EXERCISE DETAILS -
Count the lines below that hold the word "Datasheet" and say how many, with no other text.

DATA TO EXAMINE -
________________________________________
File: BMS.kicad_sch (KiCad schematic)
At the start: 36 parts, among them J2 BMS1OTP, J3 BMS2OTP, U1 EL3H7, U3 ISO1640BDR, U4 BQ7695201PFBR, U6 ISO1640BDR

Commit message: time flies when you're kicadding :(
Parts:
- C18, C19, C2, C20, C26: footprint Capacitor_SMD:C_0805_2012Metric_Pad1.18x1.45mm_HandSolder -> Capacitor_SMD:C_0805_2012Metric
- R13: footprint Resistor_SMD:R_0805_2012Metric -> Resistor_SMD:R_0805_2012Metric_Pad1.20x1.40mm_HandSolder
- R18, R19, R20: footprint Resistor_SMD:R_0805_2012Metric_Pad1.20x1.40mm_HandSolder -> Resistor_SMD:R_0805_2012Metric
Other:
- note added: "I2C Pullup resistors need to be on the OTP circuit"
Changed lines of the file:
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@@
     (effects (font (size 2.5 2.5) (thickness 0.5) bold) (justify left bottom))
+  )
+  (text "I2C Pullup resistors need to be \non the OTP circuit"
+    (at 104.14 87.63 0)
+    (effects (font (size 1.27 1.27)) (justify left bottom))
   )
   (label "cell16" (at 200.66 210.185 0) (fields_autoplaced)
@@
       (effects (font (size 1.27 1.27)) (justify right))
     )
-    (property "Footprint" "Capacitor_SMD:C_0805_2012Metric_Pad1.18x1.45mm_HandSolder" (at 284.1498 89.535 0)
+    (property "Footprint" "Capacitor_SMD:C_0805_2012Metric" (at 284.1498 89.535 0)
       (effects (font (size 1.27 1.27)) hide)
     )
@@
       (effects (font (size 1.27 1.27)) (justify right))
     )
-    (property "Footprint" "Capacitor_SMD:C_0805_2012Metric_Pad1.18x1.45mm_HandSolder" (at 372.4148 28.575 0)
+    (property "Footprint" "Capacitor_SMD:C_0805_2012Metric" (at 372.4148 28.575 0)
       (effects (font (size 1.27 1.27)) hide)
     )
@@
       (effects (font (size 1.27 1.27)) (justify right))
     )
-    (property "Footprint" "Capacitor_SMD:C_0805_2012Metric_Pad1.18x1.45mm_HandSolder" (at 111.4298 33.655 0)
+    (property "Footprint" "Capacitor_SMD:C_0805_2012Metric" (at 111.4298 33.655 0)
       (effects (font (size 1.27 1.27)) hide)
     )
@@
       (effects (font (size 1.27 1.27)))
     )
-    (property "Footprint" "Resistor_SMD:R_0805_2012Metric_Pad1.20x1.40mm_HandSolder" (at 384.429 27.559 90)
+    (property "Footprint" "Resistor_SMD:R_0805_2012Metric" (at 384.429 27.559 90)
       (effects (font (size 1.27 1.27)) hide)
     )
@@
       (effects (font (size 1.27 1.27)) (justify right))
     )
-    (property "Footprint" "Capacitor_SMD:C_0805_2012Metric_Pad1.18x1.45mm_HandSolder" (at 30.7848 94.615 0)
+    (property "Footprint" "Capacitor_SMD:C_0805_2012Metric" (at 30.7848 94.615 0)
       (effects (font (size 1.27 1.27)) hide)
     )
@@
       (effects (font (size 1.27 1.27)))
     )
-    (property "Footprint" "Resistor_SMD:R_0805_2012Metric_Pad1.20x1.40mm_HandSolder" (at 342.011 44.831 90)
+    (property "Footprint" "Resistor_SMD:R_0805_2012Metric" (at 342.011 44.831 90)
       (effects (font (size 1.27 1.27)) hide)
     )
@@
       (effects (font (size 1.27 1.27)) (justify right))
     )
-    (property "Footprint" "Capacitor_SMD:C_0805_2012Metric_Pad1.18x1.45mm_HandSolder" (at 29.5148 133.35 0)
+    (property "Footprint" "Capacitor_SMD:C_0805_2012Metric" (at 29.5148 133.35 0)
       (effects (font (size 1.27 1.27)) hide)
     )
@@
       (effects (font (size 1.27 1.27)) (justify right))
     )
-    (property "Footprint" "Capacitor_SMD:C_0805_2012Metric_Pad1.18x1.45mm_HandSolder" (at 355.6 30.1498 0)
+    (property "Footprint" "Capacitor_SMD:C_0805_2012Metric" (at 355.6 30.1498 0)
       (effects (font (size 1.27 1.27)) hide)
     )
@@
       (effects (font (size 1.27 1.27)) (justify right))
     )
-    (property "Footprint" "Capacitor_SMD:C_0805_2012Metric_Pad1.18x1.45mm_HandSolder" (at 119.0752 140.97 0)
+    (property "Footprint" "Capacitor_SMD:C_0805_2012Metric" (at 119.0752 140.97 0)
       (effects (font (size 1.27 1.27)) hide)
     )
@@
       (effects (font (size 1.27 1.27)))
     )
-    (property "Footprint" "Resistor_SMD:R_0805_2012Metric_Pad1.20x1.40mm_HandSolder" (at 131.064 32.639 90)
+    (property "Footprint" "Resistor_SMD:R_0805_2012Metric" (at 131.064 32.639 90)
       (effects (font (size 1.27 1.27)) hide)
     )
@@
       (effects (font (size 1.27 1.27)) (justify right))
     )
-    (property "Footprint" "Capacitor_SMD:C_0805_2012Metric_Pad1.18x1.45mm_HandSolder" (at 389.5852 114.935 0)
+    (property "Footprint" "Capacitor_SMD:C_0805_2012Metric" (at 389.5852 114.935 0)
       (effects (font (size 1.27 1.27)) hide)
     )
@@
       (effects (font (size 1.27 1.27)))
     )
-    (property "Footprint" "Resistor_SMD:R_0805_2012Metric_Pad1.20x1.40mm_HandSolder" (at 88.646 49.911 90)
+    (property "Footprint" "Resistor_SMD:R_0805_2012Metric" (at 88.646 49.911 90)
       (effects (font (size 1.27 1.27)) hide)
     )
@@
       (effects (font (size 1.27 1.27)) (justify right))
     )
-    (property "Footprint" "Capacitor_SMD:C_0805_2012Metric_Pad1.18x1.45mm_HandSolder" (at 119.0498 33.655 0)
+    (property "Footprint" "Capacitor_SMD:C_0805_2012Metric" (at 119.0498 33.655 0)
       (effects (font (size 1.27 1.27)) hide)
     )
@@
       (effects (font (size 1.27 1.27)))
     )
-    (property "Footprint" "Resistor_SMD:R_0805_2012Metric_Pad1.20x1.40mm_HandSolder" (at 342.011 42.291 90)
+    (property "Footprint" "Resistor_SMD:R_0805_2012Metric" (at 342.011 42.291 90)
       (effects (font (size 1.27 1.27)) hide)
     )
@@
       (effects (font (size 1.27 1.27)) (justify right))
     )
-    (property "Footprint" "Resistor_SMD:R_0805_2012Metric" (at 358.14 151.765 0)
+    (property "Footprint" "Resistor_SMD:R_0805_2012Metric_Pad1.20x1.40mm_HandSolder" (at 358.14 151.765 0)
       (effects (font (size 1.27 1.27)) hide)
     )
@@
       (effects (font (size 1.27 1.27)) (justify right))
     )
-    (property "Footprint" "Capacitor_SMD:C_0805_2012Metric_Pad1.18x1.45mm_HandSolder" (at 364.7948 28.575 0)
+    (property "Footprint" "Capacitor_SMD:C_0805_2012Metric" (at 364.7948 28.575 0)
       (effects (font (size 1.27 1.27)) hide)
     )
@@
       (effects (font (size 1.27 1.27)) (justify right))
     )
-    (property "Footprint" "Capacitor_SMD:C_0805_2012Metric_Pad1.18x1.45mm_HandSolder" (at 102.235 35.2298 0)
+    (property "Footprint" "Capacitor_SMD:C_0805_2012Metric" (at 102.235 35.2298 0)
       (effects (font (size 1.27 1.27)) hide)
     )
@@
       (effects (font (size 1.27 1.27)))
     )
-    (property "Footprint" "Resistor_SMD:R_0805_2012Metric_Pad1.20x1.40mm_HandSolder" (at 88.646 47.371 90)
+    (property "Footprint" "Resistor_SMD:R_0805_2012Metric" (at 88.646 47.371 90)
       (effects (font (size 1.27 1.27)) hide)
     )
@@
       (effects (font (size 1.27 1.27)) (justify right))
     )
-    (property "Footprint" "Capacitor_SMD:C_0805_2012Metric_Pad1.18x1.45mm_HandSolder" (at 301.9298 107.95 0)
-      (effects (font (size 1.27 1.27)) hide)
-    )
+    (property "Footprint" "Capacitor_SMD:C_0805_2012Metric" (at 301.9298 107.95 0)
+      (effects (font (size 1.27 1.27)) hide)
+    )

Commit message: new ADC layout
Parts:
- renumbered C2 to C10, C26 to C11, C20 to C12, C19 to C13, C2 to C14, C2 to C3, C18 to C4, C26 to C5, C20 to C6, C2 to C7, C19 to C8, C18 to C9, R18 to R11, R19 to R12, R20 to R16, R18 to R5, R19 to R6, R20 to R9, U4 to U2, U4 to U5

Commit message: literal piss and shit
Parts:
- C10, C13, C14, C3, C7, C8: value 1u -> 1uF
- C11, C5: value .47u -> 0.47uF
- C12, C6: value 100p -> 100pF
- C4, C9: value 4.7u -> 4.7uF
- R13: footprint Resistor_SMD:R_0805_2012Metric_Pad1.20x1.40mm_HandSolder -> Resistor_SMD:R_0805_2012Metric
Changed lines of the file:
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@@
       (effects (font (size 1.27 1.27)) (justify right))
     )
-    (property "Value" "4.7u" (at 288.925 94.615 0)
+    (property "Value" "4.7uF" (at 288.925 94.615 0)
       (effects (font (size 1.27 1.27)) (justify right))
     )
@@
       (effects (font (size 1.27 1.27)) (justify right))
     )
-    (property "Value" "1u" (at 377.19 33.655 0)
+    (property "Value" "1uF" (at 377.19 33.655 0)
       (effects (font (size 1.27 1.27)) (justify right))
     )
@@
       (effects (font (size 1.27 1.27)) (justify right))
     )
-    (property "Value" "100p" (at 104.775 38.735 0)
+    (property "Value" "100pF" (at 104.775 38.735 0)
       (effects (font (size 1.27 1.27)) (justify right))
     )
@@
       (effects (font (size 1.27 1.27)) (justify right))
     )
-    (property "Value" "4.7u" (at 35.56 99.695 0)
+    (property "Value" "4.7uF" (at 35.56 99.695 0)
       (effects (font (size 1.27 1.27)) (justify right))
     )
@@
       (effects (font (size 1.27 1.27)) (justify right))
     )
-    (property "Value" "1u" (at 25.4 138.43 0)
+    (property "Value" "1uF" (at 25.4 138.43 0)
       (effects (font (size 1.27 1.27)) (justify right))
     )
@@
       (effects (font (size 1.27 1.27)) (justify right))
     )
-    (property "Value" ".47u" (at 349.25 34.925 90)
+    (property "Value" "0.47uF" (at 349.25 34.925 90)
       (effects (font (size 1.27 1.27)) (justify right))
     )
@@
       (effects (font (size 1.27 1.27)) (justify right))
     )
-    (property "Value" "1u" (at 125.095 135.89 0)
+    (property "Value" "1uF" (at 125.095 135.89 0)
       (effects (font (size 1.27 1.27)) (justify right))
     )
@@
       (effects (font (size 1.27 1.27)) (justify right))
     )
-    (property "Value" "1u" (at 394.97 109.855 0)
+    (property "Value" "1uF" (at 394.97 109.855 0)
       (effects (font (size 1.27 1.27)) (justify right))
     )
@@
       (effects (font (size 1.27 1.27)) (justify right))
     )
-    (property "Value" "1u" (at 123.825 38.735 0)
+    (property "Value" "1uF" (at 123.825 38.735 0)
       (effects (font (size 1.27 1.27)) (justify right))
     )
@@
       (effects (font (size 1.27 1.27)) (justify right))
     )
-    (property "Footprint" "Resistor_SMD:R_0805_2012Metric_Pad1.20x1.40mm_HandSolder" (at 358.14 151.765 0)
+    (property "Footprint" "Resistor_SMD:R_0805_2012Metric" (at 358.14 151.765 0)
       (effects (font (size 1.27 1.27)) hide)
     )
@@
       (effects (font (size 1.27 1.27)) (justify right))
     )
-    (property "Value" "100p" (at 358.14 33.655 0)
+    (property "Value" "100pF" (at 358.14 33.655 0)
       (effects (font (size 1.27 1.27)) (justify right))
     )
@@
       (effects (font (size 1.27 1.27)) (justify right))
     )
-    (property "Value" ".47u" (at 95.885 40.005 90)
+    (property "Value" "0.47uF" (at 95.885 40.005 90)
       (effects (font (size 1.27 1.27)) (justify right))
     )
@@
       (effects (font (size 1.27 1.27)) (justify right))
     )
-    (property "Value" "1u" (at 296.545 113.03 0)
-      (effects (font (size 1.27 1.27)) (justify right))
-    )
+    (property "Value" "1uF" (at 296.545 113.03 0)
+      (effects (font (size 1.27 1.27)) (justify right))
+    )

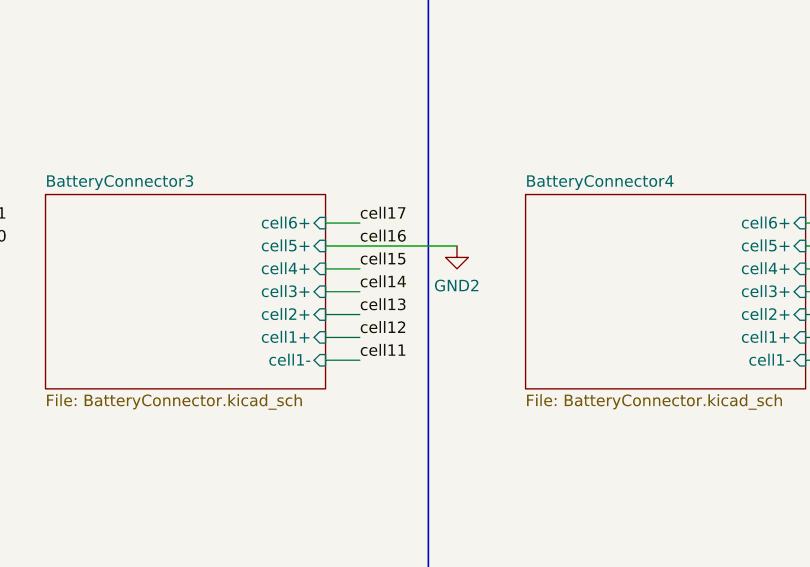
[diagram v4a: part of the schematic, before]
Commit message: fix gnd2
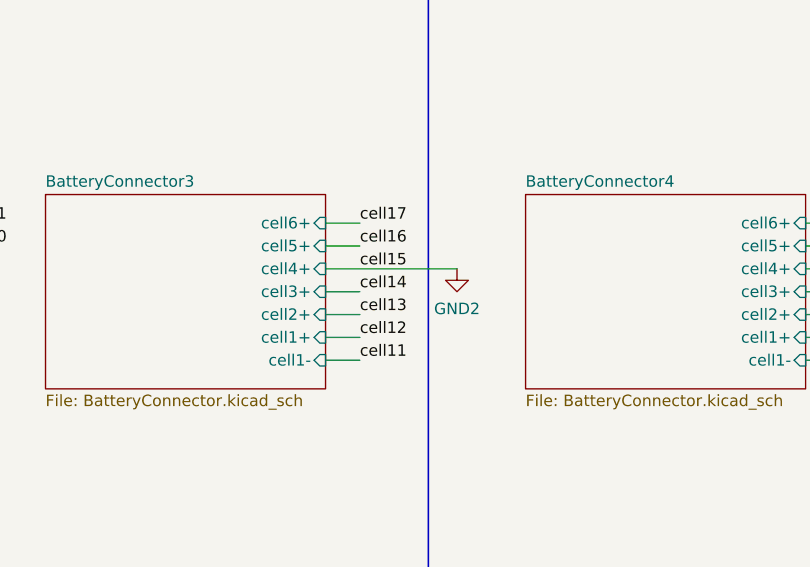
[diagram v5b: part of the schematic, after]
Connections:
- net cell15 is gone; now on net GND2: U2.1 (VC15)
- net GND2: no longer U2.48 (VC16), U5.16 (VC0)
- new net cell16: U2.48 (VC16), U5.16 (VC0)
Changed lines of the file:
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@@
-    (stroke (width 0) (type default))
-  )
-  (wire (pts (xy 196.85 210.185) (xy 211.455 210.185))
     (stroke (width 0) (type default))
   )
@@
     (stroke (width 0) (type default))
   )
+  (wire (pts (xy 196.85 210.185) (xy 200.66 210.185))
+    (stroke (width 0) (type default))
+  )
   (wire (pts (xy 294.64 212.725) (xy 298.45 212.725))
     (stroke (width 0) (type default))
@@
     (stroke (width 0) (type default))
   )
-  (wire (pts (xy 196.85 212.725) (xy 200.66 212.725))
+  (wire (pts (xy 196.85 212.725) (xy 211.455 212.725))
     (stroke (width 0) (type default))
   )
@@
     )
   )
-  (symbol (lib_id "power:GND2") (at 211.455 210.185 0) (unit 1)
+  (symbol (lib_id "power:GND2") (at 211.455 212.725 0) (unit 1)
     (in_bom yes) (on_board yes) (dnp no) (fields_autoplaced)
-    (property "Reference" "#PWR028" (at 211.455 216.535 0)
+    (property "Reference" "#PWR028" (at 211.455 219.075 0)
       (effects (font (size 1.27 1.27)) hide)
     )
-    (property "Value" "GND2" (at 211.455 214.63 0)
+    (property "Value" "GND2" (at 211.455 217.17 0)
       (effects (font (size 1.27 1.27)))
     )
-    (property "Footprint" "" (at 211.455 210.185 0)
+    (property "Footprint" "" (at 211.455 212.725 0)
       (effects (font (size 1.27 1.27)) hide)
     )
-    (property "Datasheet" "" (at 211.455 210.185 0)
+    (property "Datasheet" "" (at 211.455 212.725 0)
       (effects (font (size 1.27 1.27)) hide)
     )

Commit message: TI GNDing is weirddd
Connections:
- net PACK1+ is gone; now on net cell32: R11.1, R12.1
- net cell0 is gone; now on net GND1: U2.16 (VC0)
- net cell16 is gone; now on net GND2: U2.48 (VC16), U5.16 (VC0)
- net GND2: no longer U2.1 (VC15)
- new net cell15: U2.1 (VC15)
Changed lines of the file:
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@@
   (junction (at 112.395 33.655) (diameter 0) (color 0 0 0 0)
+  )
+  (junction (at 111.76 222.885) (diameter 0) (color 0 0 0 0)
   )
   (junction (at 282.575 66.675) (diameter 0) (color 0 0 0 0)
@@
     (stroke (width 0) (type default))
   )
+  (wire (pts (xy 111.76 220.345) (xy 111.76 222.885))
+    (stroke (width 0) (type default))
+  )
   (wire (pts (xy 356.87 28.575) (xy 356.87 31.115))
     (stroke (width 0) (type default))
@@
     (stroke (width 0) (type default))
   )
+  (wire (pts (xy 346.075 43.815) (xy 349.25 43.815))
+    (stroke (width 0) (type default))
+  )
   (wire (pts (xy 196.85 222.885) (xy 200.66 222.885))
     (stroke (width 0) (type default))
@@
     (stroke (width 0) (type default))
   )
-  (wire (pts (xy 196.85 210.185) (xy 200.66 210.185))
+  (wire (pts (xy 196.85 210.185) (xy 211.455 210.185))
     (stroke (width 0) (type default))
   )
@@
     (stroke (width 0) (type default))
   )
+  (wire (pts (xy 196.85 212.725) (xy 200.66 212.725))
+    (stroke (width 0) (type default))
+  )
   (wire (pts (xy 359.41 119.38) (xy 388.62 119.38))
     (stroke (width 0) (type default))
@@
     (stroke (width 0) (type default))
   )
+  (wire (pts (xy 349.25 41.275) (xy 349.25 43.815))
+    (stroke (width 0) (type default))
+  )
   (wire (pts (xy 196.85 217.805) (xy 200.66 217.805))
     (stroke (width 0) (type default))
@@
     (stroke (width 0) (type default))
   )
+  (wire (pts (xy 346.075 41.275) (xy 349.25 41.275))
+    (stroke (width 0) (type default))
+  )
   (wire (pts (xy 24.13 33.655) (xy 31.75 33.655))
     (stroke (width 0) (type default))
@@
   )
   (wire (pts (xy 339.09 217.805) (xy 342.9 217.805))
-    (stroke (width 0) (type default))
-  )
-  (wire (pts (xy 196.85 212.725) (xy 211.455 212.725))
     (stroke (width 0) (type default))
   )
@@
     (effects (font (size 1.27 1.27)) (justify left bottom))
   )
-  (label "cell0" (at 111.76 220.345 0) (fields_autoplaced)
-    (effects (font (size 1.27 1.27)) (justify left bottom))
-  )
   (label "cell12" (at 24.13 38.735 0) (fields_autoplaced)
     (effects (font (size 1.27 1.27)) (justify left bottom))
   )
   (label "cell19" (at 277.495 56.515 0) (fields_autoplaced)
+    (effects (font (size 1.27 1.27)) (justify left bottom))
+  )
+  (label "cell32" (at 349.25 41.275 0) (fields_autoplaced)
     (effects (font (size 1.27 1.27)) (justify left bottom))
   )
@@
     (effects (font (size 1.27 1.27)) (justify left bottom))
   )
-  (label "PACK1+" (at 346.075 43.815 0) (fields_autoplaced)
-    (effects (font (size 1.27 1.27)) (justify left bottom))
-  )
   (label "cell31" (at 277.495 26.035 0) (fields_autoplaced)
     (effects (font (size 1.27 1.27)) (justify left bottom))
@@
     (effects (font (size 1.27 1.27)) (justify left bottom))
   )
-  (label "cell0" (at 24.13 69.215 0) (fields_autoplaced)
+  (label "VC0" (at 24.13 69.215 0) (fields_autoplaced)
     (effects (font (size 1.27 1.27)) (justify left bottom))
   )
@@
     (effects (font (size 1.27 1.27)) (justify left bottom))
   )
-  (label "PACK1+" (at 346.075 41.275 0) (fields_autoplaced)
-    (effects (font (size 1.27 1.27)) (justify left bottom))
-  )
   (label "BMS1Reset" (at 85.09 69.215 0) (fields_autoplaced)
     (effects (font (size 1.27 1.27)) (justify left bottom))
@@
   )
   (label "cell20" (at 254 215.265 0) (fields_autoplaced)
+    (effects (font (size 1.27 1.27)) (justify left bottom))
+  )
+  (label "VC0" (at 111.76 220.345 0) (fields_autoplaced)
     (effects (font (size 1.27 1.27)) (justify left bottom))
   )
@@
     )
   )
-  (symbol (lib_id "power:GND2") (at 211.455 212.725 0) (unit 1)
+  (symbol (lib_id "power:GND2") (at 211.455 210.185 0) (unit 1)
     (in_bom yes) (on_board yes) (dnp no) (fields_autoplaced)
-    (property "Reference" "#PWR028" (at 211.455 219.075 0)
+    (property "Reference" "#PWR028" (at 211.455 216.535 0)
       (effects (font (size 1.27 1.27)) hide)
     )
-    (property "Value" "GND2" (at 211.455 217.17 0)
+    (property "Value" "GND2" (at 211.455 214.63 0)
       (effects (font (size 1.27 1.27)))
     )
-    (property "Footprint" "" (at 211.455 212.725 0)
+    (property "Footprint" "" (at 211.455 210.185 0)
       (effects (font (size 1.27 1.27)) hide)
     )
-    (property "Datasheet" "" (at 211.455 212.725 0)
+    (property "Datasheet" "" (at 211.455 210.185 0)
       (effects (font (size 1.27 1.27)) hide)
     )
________________________________________
RESPONSE AREA -
4